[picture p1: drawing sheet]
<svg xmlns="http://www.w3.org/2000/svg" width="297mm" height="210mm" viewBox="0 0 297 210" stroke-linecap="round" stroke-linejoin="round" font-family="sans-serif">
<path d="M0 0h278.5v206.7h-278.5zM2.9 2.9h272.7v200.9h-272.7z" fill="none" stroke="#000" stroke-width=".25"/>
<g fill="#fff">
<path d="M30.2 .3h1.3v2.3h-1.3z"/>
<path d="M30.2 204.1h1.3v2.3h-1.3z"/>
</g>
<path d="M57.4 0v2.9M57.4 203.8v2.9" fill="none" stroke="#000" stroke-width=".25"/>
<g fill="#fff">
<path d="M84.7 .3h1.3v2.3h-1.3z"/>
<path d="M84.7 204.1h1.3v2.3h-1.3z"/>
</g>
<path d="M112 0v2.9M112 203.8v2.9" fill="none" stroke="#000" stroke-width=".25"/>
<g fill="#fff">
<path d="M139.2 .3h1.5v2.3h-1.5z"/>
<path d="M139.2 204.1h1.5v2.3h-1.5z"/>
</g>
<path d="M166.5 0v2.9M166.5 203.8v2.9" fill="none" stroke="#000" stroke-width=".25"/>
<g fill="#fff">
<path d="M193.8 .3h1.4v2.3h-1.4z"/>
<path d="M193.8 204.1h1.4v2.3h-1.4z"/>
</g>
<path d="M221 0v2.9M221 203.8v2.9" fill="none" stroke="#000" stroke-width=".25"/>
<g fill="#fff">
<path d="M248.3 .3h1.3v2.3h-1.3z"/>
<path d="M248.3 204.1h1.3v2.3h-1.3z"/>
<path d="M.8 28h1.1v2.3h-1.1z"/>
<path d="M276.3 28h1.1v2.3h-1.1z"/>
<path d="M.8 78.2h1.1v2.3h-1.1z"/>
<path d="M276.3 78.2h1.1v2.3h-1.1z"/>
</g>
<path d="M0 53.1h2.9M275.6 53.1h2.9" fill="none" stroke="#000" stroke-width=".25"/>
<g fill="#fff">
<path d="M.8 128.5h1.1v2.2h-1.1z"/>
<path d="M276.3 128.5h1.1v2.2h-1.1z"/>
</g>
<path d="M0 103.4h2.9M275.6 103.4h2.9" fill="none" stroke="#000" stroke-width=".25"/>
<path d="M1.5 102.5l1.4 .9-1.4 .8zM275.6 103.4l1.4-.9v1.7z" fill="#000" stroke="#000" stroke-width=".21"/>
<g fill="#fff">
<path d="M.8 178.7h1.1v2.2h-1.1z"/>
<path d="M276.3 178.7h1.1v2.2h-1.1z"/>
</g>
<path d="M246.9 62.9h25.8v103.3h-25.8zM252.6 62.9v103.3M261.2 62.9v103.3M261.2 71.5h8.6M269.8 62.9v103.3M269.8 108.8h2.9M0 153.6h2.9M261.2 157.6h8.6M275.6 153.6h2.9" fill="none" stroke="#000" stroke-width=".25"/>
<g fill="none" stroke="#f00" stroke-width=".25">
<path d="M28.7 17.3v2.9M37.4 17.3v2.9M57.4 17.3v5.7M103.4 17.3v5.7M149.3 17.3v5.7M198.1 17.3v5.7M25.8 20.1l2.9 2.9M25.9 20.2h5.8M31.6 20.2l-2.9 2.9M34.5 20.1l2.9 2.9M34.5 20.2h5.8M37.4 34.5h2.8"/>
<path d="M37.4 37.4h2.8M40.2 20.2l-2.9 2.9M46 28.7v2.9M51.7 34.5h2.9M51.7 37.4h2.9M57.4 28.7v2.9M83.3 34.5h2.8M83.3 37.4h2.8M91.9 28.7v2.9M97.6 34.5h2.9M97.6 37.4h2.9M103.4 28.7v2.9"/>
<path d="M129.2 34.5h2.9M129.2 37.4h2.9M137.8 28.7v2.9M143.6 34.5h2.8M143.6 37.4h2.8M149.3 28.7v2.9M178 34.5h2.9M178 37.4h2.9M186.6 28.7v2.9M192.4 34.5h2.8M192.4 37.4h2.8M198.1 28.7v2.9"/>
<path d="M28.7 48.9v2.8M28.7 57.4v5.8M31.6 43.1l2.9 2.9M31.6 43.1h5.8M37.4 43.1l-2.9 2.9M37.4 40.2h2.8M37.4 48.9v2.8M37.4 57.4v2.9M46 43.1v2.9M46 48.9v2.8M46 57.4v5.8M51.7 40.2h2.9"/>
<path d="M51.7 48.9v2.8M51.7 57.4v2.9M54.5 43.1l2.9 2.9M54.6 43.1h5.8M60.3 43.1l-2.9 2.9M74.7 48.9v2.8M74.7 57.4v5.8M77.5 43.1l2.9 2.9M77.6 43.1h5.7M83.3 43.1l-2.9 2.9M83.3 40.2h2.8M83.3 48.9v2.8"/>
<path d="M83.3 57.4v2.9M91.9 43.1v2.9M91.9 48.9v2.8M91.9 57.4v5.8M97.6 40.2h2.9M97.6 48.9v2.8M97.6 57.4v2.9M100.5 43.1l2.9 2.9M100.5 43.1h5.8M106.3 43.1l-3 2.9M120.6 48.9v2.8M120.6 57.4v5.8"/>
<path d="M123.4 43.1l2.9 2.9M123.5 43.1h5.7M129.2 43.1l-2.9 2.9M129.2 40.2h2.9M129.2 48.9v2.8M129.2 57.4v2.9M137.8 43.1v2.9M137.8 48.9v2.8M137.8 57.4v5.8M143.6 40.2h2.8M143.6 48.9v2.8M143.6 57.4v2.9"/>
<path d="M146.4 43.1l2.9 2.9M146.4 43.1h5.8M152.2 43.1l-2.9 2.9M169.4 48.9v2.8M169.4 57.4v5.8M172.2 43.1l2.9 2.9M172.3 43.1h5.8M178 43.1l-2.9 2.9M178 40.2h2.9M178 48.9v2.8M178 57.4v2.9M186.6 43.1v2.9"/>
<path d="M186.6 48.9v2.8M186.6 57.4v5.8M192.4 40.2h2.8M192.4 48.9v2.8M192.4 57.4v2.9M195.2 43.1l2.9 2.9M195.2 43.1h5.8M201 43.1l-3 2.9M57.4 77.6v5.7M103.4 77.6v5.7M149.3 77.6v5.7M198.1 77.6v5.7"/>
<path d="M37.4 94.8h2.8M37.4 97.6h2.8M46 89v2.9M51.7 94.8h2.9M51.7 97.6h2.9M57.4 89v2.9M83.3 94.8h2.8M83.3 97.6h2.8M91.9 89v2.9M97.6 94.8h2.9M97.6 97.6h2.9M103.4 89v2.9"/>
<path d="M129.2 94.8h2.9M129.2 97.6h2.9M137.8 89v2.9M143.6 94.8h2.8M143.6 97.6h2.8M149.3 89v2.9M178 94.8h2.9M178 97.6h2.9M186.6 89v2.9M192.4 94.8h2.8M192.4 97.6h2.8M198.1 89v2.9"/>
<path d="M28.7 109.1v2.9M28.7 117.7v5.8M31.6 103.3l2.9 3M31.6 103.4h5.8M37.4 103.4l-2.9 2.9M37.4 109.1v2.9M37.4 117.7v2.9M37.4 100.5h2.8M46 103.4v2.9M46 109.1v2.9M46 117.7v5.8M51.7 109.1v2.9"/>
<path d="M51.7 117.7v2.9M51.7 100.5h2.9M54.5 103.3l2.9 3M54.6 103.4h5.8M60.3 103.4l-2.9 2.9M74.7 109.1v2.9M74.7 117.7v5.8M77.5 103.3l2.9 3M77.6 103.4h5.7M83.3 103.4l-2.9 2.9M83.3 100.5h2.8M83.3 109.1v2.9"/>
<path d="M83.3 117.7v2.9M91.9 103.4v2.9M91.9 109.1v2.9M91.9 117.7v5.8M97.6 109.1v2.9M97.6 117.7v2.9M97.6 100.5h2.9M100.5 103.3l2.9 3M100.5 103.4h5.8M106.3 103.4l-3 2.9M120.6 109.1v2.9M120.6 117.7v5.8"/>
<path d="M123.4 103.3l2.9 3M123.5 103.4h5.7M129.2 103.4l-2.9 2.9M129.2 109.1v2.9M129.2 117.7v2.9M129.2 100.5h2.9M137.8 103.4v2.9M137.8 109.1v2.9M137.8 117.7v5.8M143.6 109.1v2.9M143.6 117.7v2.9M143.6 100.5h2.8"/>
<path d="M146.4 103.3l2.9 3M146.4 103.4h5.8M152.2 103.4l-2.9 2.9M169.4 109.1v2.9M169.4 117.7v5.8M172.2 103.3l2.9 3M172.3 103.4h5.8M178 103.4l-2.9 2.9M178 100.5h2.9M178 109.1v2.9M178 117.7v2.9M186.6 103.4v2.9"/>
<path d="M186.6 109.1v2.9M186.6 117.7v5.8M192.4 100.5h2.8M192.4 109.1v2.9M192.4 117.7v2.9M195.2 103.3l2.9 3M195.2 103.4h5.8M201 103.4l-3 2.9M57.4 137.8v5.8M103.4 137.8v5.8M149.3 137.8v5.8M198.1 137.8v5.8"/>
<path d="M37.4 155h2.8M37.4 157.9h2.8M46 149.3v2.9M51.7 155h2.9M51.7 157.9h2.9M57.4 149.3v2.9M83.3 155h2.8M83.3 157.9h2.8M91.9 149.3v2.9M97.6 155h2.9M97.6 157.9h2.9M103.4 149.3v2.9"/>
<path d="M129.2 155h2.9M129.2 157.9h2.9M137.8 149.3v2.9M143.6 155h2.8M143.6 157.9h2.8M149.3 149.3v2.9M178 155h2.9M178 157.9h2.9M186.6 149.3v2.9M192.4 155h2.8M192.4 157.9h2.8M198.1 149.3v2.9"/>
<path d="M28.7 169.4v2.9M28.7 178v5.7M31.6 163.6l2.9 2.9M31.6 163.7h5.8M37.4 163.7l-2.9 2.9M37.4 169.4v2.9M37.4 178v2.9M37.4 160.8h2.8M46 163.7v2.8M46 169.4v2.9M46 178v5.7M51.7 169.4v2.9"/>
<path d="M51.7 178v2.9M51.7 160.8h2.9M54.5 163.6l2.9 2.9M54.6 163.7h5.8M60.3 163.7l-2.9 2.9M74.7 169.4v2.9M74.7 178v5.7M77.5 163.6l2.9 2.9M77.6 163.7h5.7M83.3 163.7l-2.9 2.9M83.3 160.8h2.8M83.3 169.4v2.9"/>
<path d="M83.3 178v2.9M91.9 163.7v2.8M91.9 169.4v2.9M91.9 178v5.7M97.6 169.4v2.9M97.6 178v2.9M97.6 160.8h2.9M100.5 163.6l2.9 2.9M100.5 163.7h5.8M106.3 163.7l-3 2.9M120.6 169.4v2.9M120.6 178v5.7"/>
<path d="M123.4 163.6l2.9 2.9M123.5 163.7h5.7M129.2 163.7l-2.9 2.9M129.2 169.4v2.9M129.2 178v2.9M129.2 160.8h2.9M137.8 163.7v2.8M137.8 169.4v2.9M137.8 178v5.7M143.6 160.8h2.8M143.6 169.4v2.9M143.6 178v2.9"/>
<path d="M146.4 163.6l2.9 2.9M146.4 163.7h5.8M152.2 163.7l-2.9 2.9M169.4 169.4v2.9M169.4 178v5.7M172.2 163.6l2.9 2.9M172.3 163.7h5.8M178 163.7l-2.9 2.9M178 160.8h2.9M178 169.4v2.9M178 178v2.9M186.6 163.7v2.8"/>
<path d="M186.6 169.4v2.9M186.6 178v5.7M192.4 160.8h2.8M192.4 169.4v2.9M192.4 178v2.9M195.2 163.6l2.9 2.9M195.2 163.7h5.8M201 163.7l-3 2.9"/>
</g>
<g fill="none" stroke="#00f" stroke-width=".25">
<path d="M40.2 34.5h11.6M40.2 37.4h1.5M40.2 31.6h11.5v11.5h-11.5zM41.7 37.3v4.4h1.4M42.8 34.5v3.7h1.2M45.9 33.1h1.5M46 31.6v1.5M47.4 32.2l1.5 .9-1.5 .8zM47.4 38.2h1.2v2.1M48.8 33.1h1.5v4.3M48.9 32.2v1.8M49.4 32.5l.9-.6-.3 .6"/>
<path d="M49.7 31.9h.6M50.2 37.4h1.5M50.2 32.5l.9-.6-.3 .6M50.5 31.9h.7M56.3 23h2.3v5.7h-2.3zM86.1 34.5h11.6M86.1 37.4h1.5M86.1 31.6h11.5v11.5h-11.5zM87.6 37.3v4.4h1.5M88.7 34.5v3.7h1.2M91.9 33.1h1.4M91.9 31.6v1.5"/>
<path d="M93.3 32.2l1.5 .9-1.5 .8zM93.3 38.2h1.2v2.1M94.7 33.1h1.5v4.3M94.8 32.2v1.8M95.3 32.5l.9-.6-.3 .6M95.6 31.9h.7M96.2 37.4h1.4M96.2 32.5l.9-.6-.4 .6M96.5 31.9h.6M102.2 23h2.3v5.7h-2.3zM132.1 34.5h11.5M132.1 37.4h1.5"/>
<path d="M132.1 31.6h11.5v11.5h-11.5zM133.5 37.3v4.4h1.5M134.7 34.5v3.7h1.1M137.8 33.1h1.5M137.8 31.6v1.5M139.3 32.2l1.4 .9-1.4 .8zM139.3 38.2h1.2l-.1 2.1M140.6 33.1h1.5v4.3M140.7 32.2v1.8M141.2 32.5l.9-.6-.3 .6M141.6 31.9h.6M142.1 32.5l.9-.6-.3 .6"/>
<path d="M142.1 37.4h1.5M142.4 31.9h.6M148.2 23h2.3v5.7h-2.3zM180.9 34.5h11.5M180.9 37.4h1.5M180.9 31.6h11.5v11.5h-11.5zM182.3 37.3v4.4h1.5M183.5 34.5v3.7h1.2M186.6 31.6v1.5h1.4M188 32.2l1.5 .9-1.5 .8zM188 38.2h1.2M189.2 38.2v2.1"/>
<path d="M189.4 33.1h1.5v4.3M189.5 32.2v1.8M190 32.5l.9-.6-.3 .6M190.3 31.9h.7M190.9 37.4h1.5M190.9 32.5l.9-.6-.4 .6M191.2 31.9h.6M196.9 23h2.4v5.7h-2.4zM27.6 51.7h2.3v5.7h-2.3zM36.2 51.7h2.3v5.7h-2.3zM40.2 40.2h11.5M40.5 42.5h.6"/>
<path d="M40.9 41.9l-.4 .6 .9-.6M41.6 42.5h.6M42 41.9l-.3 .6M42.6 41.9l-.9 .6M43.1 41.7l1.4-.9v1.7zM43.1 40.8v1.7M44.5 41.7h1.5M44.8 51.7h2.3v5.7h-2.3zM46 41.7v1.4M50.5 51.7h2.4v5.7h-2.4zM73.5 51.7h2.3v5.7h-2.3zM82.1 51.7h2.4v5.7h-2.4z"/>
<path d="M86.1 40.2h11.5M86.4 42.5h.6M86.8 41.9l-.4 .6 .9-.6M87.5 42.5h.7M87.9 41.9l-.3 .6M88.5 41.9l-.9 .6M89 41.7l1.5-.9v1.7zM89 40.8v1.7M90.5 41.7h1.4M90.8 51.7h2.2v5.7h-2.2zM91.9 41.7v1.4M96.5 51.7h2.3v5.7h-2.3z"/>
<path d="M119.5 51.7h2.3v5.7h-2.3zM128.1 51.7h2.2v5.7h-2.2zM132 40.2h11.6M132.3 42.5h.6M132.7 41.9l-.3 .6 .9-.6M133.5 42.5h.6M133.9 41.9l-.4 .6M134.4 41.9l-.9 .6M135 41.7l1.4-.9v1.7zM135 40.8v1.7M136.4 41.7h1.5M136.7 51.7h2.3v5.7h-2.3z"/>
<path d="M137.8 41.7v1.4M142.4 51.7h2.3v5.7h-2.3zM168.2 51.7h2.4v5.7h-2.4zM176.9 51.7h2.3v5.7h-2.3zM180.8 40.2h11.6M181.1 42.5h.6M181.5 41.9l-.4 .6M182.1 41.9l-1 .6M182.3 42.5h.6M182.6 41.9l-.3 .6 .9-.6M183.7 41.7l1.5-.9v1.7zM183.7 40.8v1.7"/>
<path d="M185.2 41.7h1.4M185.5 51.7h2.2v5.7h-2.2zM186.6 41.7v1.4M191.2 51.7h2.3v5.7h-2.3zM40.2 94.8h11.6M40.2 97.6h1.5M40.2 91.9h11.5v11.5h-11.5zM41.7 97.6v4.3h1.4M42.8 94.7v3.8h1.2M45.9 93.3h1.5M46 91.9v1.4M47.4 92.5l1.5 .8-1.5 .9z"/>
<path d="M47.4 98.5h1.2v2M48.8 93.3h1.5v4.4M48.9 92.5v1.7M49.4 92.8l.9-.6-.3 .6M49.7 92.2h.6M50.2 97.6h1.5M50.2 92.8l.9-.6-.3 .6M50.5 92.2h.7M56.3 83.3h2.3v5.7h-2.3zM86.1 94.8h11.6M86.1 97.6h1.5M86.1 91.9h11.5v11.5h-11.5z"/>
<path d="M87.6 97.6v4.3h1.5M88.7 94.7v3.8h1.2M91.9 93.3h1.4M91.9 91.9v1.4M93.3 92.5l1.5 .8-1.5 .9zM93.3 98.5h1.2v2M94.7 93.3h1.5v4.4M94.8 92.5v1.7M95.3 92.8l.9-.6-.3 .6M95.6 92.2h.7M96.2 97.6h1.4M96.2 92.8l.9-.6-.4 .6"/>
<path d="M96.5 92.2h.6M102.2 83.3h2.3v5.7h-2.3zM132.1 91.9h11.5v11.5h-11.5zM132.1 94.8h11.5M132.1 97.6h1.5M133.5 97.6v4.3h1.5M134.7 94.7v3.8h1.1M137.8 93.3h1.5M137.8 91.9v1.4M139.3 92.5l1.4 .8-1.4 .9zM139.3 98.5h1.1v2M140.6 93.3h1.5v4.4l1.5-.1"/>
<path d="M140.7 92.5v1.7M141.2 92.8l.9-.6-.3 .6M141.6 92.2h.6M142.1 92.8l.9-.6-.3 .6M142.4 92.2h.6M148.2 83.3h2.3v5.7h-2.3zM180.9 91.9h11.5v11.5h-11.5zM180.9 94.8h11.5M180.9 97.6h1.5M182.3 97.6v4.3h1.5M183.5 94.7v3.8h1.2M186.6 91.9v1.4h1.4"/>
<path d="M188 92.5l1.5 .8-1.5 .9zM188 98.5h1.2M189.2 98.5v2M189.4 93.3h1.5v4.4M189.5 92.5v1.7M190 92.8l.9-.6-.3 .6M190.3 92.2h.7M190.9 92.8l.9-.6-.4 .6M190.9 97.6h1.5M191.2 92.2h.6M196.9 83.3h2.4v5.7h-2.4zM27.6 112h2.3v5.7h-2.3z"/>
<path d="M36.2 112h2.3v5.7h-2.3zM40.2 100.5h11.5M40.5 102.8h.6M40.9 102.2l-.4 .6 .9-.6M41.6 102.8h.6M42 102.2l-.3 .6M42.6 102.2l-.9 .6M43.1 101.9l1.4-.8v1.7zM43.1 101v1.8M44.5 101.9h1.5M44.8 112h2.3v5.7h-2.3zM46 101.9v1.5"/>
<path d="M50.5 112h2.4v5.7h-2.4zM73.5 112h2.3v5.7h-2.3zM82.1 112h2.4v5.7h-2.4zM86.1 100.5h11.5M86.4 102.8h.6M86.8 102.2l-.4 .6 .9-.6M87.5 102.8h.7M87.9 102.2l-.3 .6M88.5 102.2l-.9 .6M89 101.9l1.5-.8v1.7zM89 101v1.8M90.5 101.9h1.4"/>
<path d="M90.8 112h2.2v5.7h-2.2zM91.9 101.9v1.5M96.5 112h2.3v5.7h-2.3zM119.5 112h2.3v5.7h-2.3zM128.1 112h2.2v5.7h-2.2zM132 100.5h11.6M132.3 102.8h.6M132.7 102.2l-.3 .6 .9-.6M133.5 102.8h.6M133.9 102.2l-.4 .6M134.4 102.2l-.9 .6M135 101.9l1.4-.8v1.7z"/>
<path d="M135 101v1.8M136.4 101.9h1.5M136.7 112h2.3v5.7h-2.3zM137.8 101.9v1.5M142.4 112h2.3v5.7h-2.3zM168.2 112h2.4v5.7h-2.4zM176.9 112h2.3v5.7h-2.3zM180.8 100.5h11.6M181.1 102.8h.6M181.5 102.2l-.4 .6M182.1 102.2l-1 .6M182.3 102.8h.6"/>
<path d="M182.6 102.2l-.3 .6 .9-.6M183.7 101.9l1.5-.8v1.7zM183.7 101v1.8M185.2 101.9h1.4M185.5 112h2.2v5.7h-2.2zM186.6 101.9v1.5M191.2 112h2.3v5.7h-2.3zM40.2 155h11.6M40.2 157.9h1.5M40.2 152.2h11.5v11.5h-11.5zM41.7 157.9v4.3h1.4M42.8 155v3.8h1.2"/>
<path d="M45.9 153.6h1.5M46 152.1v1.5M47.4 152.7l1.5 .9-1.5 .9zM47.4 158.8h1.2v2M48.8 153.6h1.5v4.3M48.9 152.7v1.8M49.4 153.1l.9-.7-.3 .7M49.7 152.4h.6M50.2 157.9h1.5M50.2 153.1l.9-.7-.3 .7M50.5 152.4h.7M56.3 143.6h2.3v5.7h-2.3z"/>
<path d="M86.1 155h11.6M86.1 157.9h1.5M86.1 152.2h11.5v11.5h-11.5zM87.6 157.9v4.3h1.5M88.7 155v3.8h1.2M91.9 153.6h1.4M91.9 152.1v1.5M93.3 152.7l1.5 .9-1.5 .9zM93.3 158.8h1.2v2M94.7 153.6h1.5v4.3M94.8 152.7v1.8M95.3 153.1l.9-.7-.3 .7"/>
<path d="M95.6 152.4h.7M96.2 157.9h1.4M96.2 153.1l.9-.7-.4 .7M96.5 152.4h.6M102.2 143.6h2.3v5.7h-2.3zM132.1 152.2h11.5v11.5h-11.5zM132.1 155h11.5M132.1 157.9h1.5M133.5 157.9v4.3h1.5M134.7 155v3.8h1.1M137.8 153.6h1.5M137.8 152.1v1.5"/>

******

- WHAT NEEDS TO BE DONE: When you reach the line in the material above that holds "112h2.3v5.7h-2.3zM82.1 112h2.4v5.7h-2.4zM86.1 100.5h11.5M86.4", begin reproducing lines exactly, and stop after the line that holds "101v1.8M136.4 101.9h1.5M136.7 112h2.3v5.7h-2.3zM137.8".

- RESPONSE BELOW:
<path d="M50.5 112h2.4v5.7h-2.4zM73.5 112h2.3v5.7h-2.3zM82.1 112h2.4v5.7h-2.4zM86.1 100.5h11.5M86.4 102.8h.6M86.8 102.2l-.4 .6 .9-.6M87.5 102.8h.7M87.9 102.2l-.3 .6M88.5 102.2l-.9 .6M89 101.9l1.5-.8v1.7zM89 101v1.8M90.5 101.9h1.4"/>
<path d="M90.8 112h2.2v5.7h-2.2zM91.9 101.9v1.5M96.5 112h2.3v5.7h-2.3zM119.5 112h2.3v5.7h-2.3zM128.1 112h2.2v5.7h-2.2zM132 100.5h11.6M132.3 102.8h.6M132.7 102.2l-.3 .6 .9-.6M133.5 102.8h.6M133.9 102.2l-.4 .6M134.4 102.2l-.9 .6M135 101.9l1.4-.8v1.7z"/>
<path d="M135 101v1.8M136.4 101.9h1.5M136.7 112h2.3v5.7h-2.3zM137.8 101.9v1.5M142.4 112h2.3v5.7h-2.3zM168.2 112h2.4v5.7h-2.4zM176.9 112h2.3v5.7h-2.3zM180.8 100.5h11.6M181.1 102.8h.6M181.5 102.2l-.4 .6M182.1 102.2l-1 .6M182.3 102.8h.6"/>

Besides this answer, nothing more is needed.